Consent and Agreement. On August 15, 2024, the Company entered into a Consent and Agreement (the “Consent and Agreement”) with the O’Neill Trust, pursuant to which the O’Neill Trust (a) consented to, and waived any and all negative covenants with respect to, any and all transactions the Company may consummate in connection with the funding of the NRO Acquisition and its ongoing operations; (b) released its mortgage on certain property of the Company, which was established in favor of the O’Neill Trust securing the Company’s obligations under the Series E Certificate; and (c) agreed to (i) amend Section 6(d) of the Series E Certificate to increase the Beneficial Ownership Limitation Ceiling from 9.99% to 49.9%, (ii) subject to consent from the requisite holders of the Series D Preferred Stock, amend Section 6(d) of the Certificate of Designation of Preferences, Rights and Limitations of Series D Convertible Preferred Stock (the “Series D Certificate”) to increase the Beneficial Ownership Limitation, as defined in the Series D Certificate, from 9.99% to 49.9% and (iii) amend Section 2(e) of each of the O’Neill Trust’s Series D A Warrant and Series E A Warrant and Section 2(d) of the O’Neill Trust’s Series E B Warrant to increase the Beneficial Ownership Limitation Ceiling from 25% to 49.9%.

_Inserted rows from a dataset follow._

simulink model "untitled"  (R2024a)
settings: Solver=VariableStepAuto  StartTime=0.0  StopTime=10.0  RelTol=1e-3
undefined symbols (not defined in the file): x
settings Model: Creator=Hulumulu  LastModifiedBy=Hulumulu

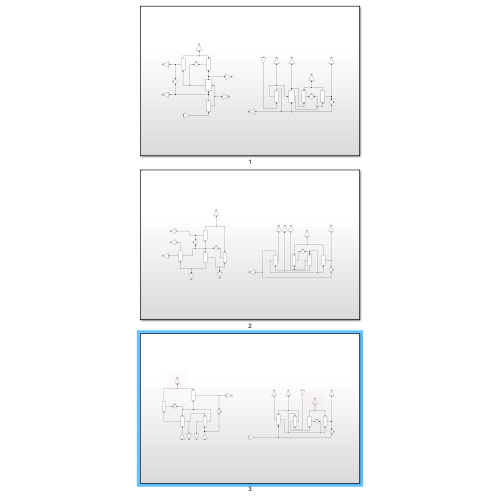
[thumbnail: Simulink's stored preview of the top-level diagram]
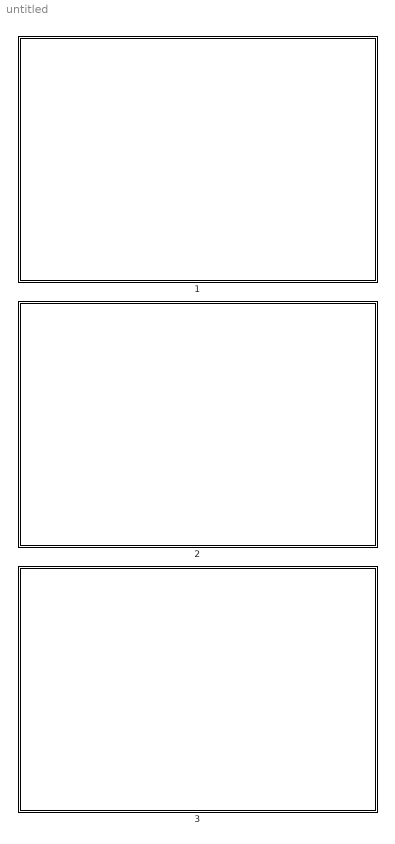
== system untitled ==
  1 : Subsystem
  2 : Subsystem
  3 : Subsystem

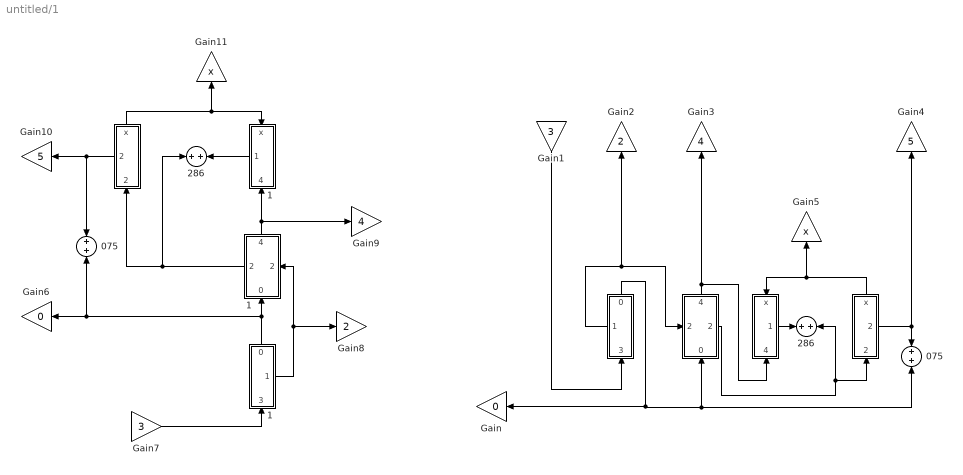
== system untitled/1 ==
  " " : Subsystem
      settings: PortSchema="{\"entries\":[{\"content\":{\"sides\":[{\"content\":{},\"type\":\"ConnectorPlacement.EquallySpacedRectSide\",\"uuid\":\"fb5bb639-39a6-4afc-972d-2ab36dd157e3\"},{\"content\":{\"connectorIds\":[\"Out1\"],\"side\":\"RIGHT\"},\"type\":\"ConnectorPlacement.EquallySpacedRectSide\",\"uuid\":\"d36a19b9-286f-415f-8446-30942908938a\"},{\"content\":{\"connectorIds\":[\"Out2\"],\"side\":\"TOP\"},\"type\":\"ConnectorPlacement.EquallySpacedRectSide\",\"uuid\":\"8c87528f-8b9e-42ba-b050-7318306b7d2b\"},{\"content\":{\"connectorIds\":[\"In1\"],\"side\":\"BOTTOM\"},\"type\":\"ConnectorPlacement.EquallySpacedRectSide\",\"uuid\":\"c4959390-5d76-48db-85f4-dc53d81287e7\"}]},\"type\":\"ConnectorPlacement.EquallySpacedConnector\",\"uuid\":\"3c6f580a-50c2-42c3-8feb-567ef8b292c6\"}],\"packageUris\":[\"http://schema.mathworks.com/mf0/Connector/R2020b\"],\"version\":\"1.0\"}"
  "  " : Subsystem
      settings: PortSchema="{\"entries\":[{\"content\":{\"sides\":[{\"content\":{\"connectorIds\":[\"Out2\"]},\"type\":\"ConnectorPlacement.EquallySpacedRectSide\",\"uuid\":\"fb5bb639-39a6-4afc-972d-2ab36dd157e3\"},{\"content\":{\"connectorIds\":[\"In2\"],\"side\":\"RIGHT\"},\"type\":\"ConnectorPlacement.EquallySpacedRectSide\",\"uuid\":\"d36a19b9-286f-415f-8446-30942908938a\"},{\"content\":{\"connectorIds\":[\"Out1\"],\"side\":\"TOP\"},\"type\":\"ConnectorPlacement.EquallySpacedRectSide\",\"uuid\":\"8c87528f-8b9e-42ba-b050-7318306b7d2b\"},{\"content\":{\"connectorIds\":[\"In1\"],\"side\":\"BOTTOM\"},\"type\":\"ConnectorPlacement.EquallySpacedRectSide\",\"uuid\":\"c4959390-5d76-48db-85f4-dc53d81287e7\"}]},\"type\":\"ConnectorPlacement.EquallySpacedConnector\",\"uuid\":\"3c6f580a-50c2-42c3-8feb-567ef8b292c6\"}],\"packageUris\":[\"http://schema.mathworks.com/mf0/Connector/R2020b\"],\"version\":\"1.0\"}"
  "   " : Subsystem
      settings: PortSchema="{\"entries\":[{\"content\":{\"sides\":[{\"content\":{\"connectorIds\":[\"Out1\"]},\"type\":\"ConnectorPlacement.EquallySpacedRectSide\",\"uuid\":\"fb5bb639-39a6-4afc-972d-2ab36dd157e3\"},{\"content\":{\"side\":\"RIGHT\"},\"type\":\"ConnectorPlacement.EquallySpacedRectSide\",\"uuid\":\"d36a19b9-286f-415f-8446-30942908938a\"},{\"content\":{\"connectorIds\":[\"In1\"],\"side\":\"TOP\"},\"type\":\"ConnectorPlacement.EquallySpacedRectSide\",\"uuid\":\"8c87528f-8b9e-42ba-b050-7318306b7d2b\"},{\"content\":{\"connectorIds\":[\"In2\"],\"side\":\"BOTTOM\"},\"type\":\"ConnectorPlacement.EquallySpacedRectSide\",\"uuid\":\"c4959390-5d76-48db-85f4-dc53d81287e7\"}]},\"type\":\"ConnectorPlacement.EquallySpacedConnector\",\"uuid\":\"3c6f580a-50c2-42c3-8feb-567ef8b292c6\"}],\"packageUris\":[\"http://schema.mathworks.com/mf0/Connector/R2020b\"],\"version\":\"1.0\"}"
  "    " : Subsystem
      settings: PortSchema="{\"entries\":[{\"content\":{\"sides\":[{\"content\":{\"connectorIds\":[\"Out2\"]},\"type\":\"ConnectorPlacement.EquallySpacedRectSide\",\"uuid\":\"fb5bb639-39a6-4afc-972d-2ab36dd157e3\"},{\"content\":{\"side\":\"RIGHT\"},\"type\":\"ConnectorPlacement.EquallySpacedRectSide\",\"uuid\":\"d36a19b9-286f-415f-8446-30942908938a\"},{\"content\":{\"connectorIds\":[\"Out1\"],\"side\":\"TOP\"},\"type\":\"ConnectorPlacement.EquallySpacedRectSide\",\"uuid\":\"8c87528f-8b9e-42ba-b050-7318306b7d2b\"},{\"content\":{\"connectorIds\":[\"In1\"],\"side\":\"BOTTOM\"},\"type\":\"ConnectorPlacement.EquallySpacedRectSide\",\"uuid\":\"c4959390-5d76-48db-85f4-dc53d81287e7\"}]},\"type\":\"ConnectorPlacement.EquallySpacedConnector\",\"uuid\":\"3c6f580a-50c2-42c3-8feb-567ef8b292c6\"}],\"packageUris\":[\"http://schema.mathworks.com/mf0/Connector/R2020b\"],\"version\":\"1.0\"}"
  "     " : Subsystem
      settings: PortSchema="{\"entries\":[{\"content\":{\"sides\":[{\"content\":{\"connectorIds\":[\"Out2\"]},\"type\":\"ConnectorPlacement.EquallySpacedRectSide\",\"uuid\":\"fb5bb639-39a6-4afc-972d-2ab36dd157e3\"},{\"content\":{\"side\":\"RIGHT\"},\"type\":\"ConnectorPlacement.EquallySpacedRectSide\",\"uuid\":\"d36a19b9-286f-415f-8446-30942908938a\"},{\"content\":{\"connectorIds\":[\"Out1\"],\"side\":\"TOP\"},\"type\":\"ConnectorPlacement.EquallySpacedRectSide\",\"uuid\":\"8c87528f-8b9e-42ba-b050-7318306b7d2b\"},{\"content\":{\"connectorIds\":[\"In1\"],\"side\":\"BOTTOM\"},\"type\":\"ConnectorPlacement.EquallySpacedRectSide\",\"uuid\":\"c4959390-5d76-48db-85f4-dc53d81287e7\"}]},\"type\":\"ConnectorPlacement.EquallySpacedConnector\",\"uuid\":\"3c6f580a-50c2-42c3-8feb-567ef8b292c6\"}],\"packageUris\":[\"http://schema.mathworks.com/mf0/Connector/R2020b\"],\"version\":\"1.0\"}"
  "   1" : Subsystem
      settings: PortSchema="{\"entries\":[{\"content\":{\"sides\":[{\"content\":{\"connectorIds\":[\"Out1\"]},\"type\":\"ConnectorPlacement.EquallySpacedRectSide\",\"uuid\":\"fb5bb639-39a6-4afc-972d-2ab36dd157e3\"},{\"content\":{\"side\":\"RIGHT\"},\"type\":\"ConnectorPlacement.EquallySpacedRectSide\",\"uuid\":\"d36a19b9-286f-415f-8446-30942908938a\"},{\"content\":{\"connectorIds\":[\"In1\"],\"side\":\"TOP\"},\"type\":\"ConnectorPlacement.EquallySpacedRectSide\",\"uuid\":\"8c87528f-8b9e-42ba-b050-7318306b7d2b\"},{\"content\":{\"connectorIds\":[\"In2\"],\"side\":\"BOTTOM\"},\"type\":\"ConnectorPlacement.EquallySpacedRectSide\",\"uuid\":\"c4959390-5d76-48db-85f4-dc53d81287e7\"}]},\"type\":\"ConnectorPlacement.EquallySpacedConnector\",\"uuid\":\"3c6f580a-50c2-42c3-8feb-567ef8b292c6\"}],\"packageUris\":[\"http://schema.mathworks.com/mf0/Connector/R2020b\"],\"version\":\"1.0\"}"
  "  1" : Subsystem
      settings: PortSchema="{\"entries\":[{\"content\":{\"sides\":[{\"content\":{\"connectorIds\":[\"Out2\"]},\"type\":\"ConnectorPlacement.EquallySpacedRectSide\",\"uuid\":\"fb5bb639-39a6-4afc-972d-2ab36dd157e3\"},{\"content\":{\"connectorIds\":[\"In2\"],\"side\":\"RIGHT\"},\"type\":\"ConnectorPlacement.EquallySpacedRectSide\",\"uuid\":\"d36a19b9-286f-415f-8446-30942908938a\"},{\"content\":{\"connectorIds\":[\"Out1\"],\"side\":\"TOP\"},\"type\":\"ConnectorPlacement.EquallySpacedRectSide\",\"uuid\":\"8c87528f-8b9e-42ba-b050-7318306b7d2b\"},{\"content\":{\"connectorIds\":[\"In1\"],\"side\":\"BOTTOM\"},\"type\":\"ConnectorPlacement.EquallySpacedRectSide\",\"uuid\":\"c4959390-5d76-48db-85f4-dc53d81287e7\"}]},\"type\":\"ConnectorPlacement.EquallySpacedConnector\",\"uuid\":\"3c6f580a-50c2-42c3-8feb-567ef8b292c6\"}],\"packageUris\":[\"http://schema.mathworks.com/mf0/Connector/R2020b\"],\"version\":\"1.0\"}"
  " 1" : Subsystem
      settings: PortSchema="{\"entries\":[{\"content\":{\"sides\":[{\"content\":{},\"type\":\"ConnectorPlacement.EquallySpacedRectSide\",\"uuid\":\"fb5bb639-39a6-4afc-972d-2ab36dd157e3\"},{\"content\":{\"connectorIds\":[\"Out1\"],\"side\":\"RIGHT\"},\"type\":\"ConnectorPlacement.EquallySpacedRectSide\",\"uuid\":\"d36a19b9-286f-415f-8446-30942908938a\"},{\"content\":{\"connectorIds\":[\"Out2\"],\"side\":\"TOP\"},\"type\":\"ConnectorPlacement.EquallySpacedRectSide\",\"uuid\":\"8c87528f-8b9e-42ba-b050-7318306b7d2b\"},{\"content\":{\"connectorIds\":[\"In1\"],\"side\":\"BOTTOM\"},\"type\":\"ConnectorPlacement.EquallySpacedRectSide\",\"uuid\":\"c4959390-5d76-48db-85f4-dc53d81287e7\"}]},\"type\":\"ConnectorPlacement.EquallySpacedConnector\",\"uuid\":\"3c6f580a-50c2-42c3-8feb-567ef8b292c6\"}],\"packageUris\":[\"http://schema.mathworks.com/mf0/Connector/R2020b\"],\"version\":\"1.0\"}"
  075 : Sum  Inputs=+|+
  "075 " : Sum  Inputs=+|+
  286 : Sum  Inputs=+|+
  "286 " : Sum  Inputs=+|+
  Gain : Gain  Gain=0
  Gain1 : Gain  Gain=3
  Gain10 : Gain  Gain=5
  Gain11 : Gain  Gain=x
  Gain2 : Gain  Gain=2
  Gain3 : Gain  Gain=4
  Gain4 : Gain  Gain=5
  Gain5 : Gain  Gain=x
  Gain6 : Gain  Gain=0
  Gain7 : Gain  Gain=3
  Gain8 : Gain  Gain=2
  Gain9 : Gain  Gain=4
  wires:
  " "/1(2) -> "  "/2("2 "), Gain2/1
  "  "/2(2) -> "    "/1(2), 286/2
  "  "/1(4) -> "   "/2(4), Gain3/1
  "    "/1(x) -> Gain5/1, "   "/1(x)
  Gain1/1 -> " "/1(3)
  "   "/1(6) -> 286/1
  "    "/2(5) -> Gain4/1, 075/1
  " "/2(0) -> "  "/1(0), 075/2, Gain/1
  Gain7/1 -> " 1"/1(3)
  "     "/2(5) -> "075 "/1, Gain10/1
  "   1"/1(6) -> "286 "/2
  "  1"/1(4) -> Gain9/1, "   1"/2(4)
  "     "/1(x) -> Gain11/1, "   1"/1(x)
  " 1"/1(2) -> "  1"/2("2 "), Gain8/1
  " 1"/2(0) -> "075 "/2, Gain6/1, "  1"/1(0)
  "  1"/2(2) -> "286 "/1, "     "/1(2)

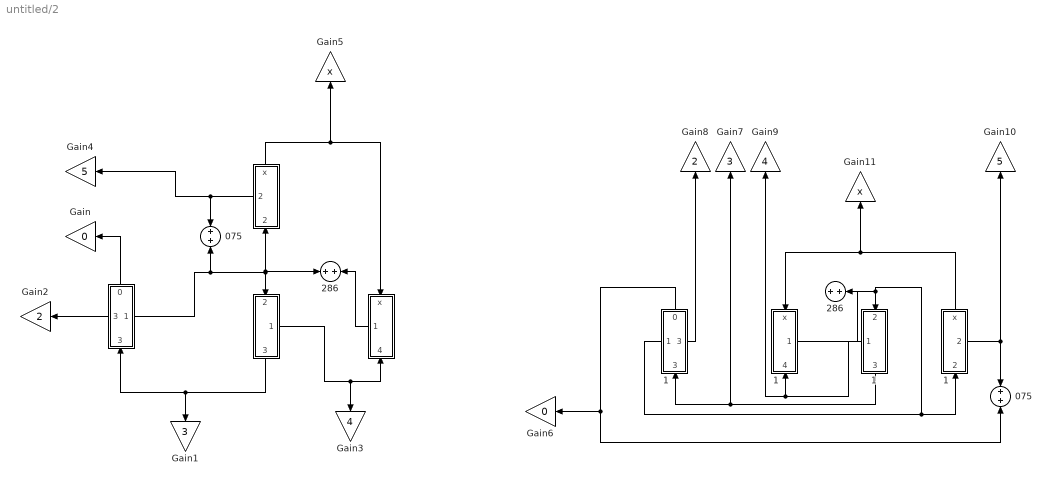
== system untitled/2 ==
  " " : Subsystem
      settings: PortSchema="{\"entries\":[{\"content\":{\"sides\":[{\"content\":{\"connectorIds\":[\"Out3\"]},\"type\":\"ConnectorPlacement.EquallySpacedRectSide\",\"uuid\":\"fb5bb639-39a6-4afc-972d-2ab36dd157e3\"},{\"content\":{\"connectorIds\":[\"Out1\"],\"side\":\"RIGHT\"},\"type\":\"ConnectorPlacement.EquallySpacedRectSide\",\"uuid\":\"d36a19b9-286f-415f-8446-30942908938a\"},{\"content\":{\"connectorIds\":[\"Out2\"],\"side\":\"TOP\"},\"type\":\"ConnectorPlacement.EquallySpacedRectSide\",\"uuid\":\"8c87528f-8b9e-42ba-b050-7318306b7d2b\"},{\"content\":{\"connectorIds\":[\"In1\"],\"side\":\"BOTTOM\"},\"type\":\"ConnectorPlacement.EquallySpacedRectSide\",\"uuid\":\"c4959390-5d76-48db-85f4-dc53d81287e7\"}]},\"type\":\"ConnectorPlacement.EquallySpacedConnector\",\"uuid\":\"3c6f580a-50c2-42c3-8feb-567ef8b292c6\"}],\"packageUris\":[\"http://schema.mathworks.com/mf0/Connector/R2020b\"],\"version\":\"1.0\"}"
  "   " : Subsystem
      settings: PortSchema="{\"entries\":[{\"content\":{\"sides\":[{\"content\":{\"connectorIds\":[\"Out1\"]},\"type\":\"ConnectorPlacement.EquallySpacedRectSide\",\"uuid\":\"fb5bb639-39a6-4afc-972d-2ab36dd157e3\"},{\"content\":{\"side\":\"RIGHT\"},\"type\":\"ConnectorPlacement.EquallySpacedRectSide\",\"uuid\":\"d36a19b9-286f-415f-8446-30942908938a\"},{\"content\":{\"connectorIds\":[\"In1\"],\"side\":\"TOP\"},\"type\":\"ConnectorPlacement.EquallySpacedRectSide\",\"uuid\":\"8c87528f-8b9e-42ba-b050-7318306b7d2b\"},{\"content\":{\"connectorIds\":[\"In2\"],\"side\":\"BOTTOM\"},\"type\":\"ConnectorPlacement.EquallySpacedRectSide\",\"uuid\":\"c4959390-5d76-48db-85f4-dc53d81287e7\"}]},\"type\":\"ConnectorPlacement.EquallySpacedConnector\",\"uuid\":\"3c6f580a-50c2-42c3-8feb-567ef8b292c6\"}],\"packageUris\":[\"http://schema.mathworks.com/mf0/Connector/R2020b\"],\"version\":\"1.0\"}"
  "    " : Subsystem
      settings: PortSchema="{\"entries\":[{\"content\":{\"sides\":[{\"content\":{\"connectorIds\":[\"Out2\"]},\"type\":\"ConnectorPlacement.EquallySpacedRectSide\",\"uuid\":\"fb5bb639-39a6-4afc-972d-2ab36dd157e3\"},{\"content\":{\"side\":\"RIGHT\"},\"type\":\"ConnectorPlacement.EquallySpacedRectSide\",\"uuid\":\"d36a19b9-286f-415f-8446-30942908938a\"},{\"content\":{\"connectorIds\":[\"Out1\"],\"side\":\"TOP\"},\"type\":\"ConnectorPlacement.EquallySpacedRectSide\",\"uuid\":\"8c87528f-8b9e-42ba-b050-7318306b7d2b\"},{\"content\":{\"connectorIds\":[\"In1\"],\"side\":\"BOTTOM\"},\"type\":\"ConnectorPlacement.EquallySpacedRectSide\",\"uuid\":\"c4959390-5d76-48db-85f4-dc53d81287e7\"}]},\"type\":\"ConnectorPlacement.EquallySpacedConnector\",\"uuid\":\"3c6f580a-50c2-42c3-8feb-567ef8b292c6\"}],\"packageUris\":[\"http://schema.mathworks.com/mf0/Connector/R2020b\"],\"version\":\"1.0\"}"
  "     " : Subsystem
      settings: PortSchema="{\"entries\":[{\"content\":{\"sides\":[{\"content\":{},\"type\":\"ConnectorPlacement.EquallySpacedRectSide\",\"uuid\":\"fb5bb639-39a6-4afc-972d-2ab36dd157e3\"},{\"content\":{\"connectorIds\":[\"Out1\"],\"side\":\"RIGHT\"},\"type\":\"ConnectorPlacement.EquallySpacedRectSide\",\"uuid\":\"d36a19b9-286f-415f-8446-30942908938a\"},{\"content\":{\"connectorIds\":[\"In1\"],\"side\":\"TOP\"},\"type\":\"ConnectorPlacement.EquallySpacedRectSide\",\"uuid\":\"8c87528f-8b9e-42ba-b050-7318306b7d2b\"},{\"content\":{\"connectorIds\":[\"Out2\"],\"side\":\"BOTTOM\"},\"type\":\"ConnectorPlacement.EquallySpacedRectSide\",\"uuid\":\"c4959390-5d76-48db-85f4-dc53d81287e7\"}]},\"type\":\"ConnectorPlacement.EquallySpacedConnector\",\"uuid\":\"3c6f580a-50c2-42c3-8feb-567ef8b292c6\"}],\"packageUris\":[\"http://schema.mathworks.com/mf0/Connector/R2020b\"],\"version\":\"1.0\"}"
  "     1" : Subsystem
      settings: PortSchema="{\"entries\":[{\"content\":{\"sides\":[{\"content\":{},\"type\":\"ConnectorPlacement.EquallySpacedRectSide\",\"uuid\":\"fb5bb639-39a6-4afc-972d-2ab36dd157e3\"},{\"content\":{\"connectorIds\":[\"Out1\"],\"side\":\"RIGHT\"},\"type\":\"ConnectorPlacement.EquallySpacedRectSide\",\"uuid\":\"d36a19b9-286f-415f-8446-30942908938a\"},{\"content\":{\"connectorIds\":[\"In1\"],\"side\":\"TOP\"},\"type\":\"ConnectorPlacement.EquallySpacedRectSide\",\"uuid\":\"8c87528f-8b9e-42ba-b050-7318306b7d2b\"},{\"content\":{\"connectorIds\":[\"Out2\"],\"side\":\"BOTTOM\"},\"type\":\"ConnectorPlacement.EquallySpacedRectSide\",\"uuid\":\"c4959390-5d76-48db-85f4-dc53d81287e7\"}]},\"type\":\"ConnectorPlacement.EquallySpacedConnector\",\"uuid\":\"3c6f580a-50c2-42c3-8feb-567ef8b292c6\"}],\"packageUris\":[\"http://schema.mathworks.com/mf0/Connector/R2020b\"],\"version\":\"1.0\"}"
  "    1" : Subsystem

In connection with the increase to the Beneficial Ownership Limitation Ceiling, the O’Neill Trust agreed pursuant to the Consent and Agreement that (i) until its remaining Series D Preferred Stock, Series D PIPE Warrants, and Series E PIPE Warrants are exercised or converted, as applicable, it will not acquire any other shares of Common Stock of the Company, and (ii) for a period of ten years following the date of the Consent and Agreement, it will not, directly or indirectly, acquire by means of public equity trading markets, any Common Stock or other securities with underlying Common Stock, to the extent the O’Neill Trust would beneficially own the voting, investment or economic control over 49.9% of the Common Stock of the Company.
The O’Neill Trust further agreed that if at any time it beneficially owns, or exercises control over, shares of Common Stock with voting rights that exceed 29.9% of the Common Stock of the Company (the “Voting Threshold”), the Company shall exercise the voting rights with respect to such shares of Common Stock beneficially owned in excess of the Voting Threshold in the same proportion as the outstanding Common Stock (excluding Common Stock beneficially owned, directly or indirectly, by the O’Neill Trust or any Affiliate (as defined in the Consent and Agreement) of the O’Neill Trust, but including any securities of the Company eligible to vote with the Common Stock on an as-converted basis) voted on all matters submitted to a vote of the holders of Common Stock of the Company.
Subordinated Promissory Note and Subordinated Note Warrants. As described in Note 10 – Debt, on September 30, 2024, the Company issued the Subordinated Note in a principal amount of $5.0 million, which has a maturity date of March 17, 2027 to the Noteholders. Pursuant to the terms of the Subordinated Note, the Company also issued the Subordinated Note Warrants to the Noteholders, which provide the Noteholders with the ability to purchase up to shares of Common Stock, vesting in tranches based on the date of repayment of the Subordinated Note. The Noteholders are entities controlled by Jonathan H. Gray, a director of the Company. Refer to Note 10 – Debt and Note 15 – Common Stock Options and Warrants for a further discussion of the Subordinated Note and the Subordinated Note Warrants.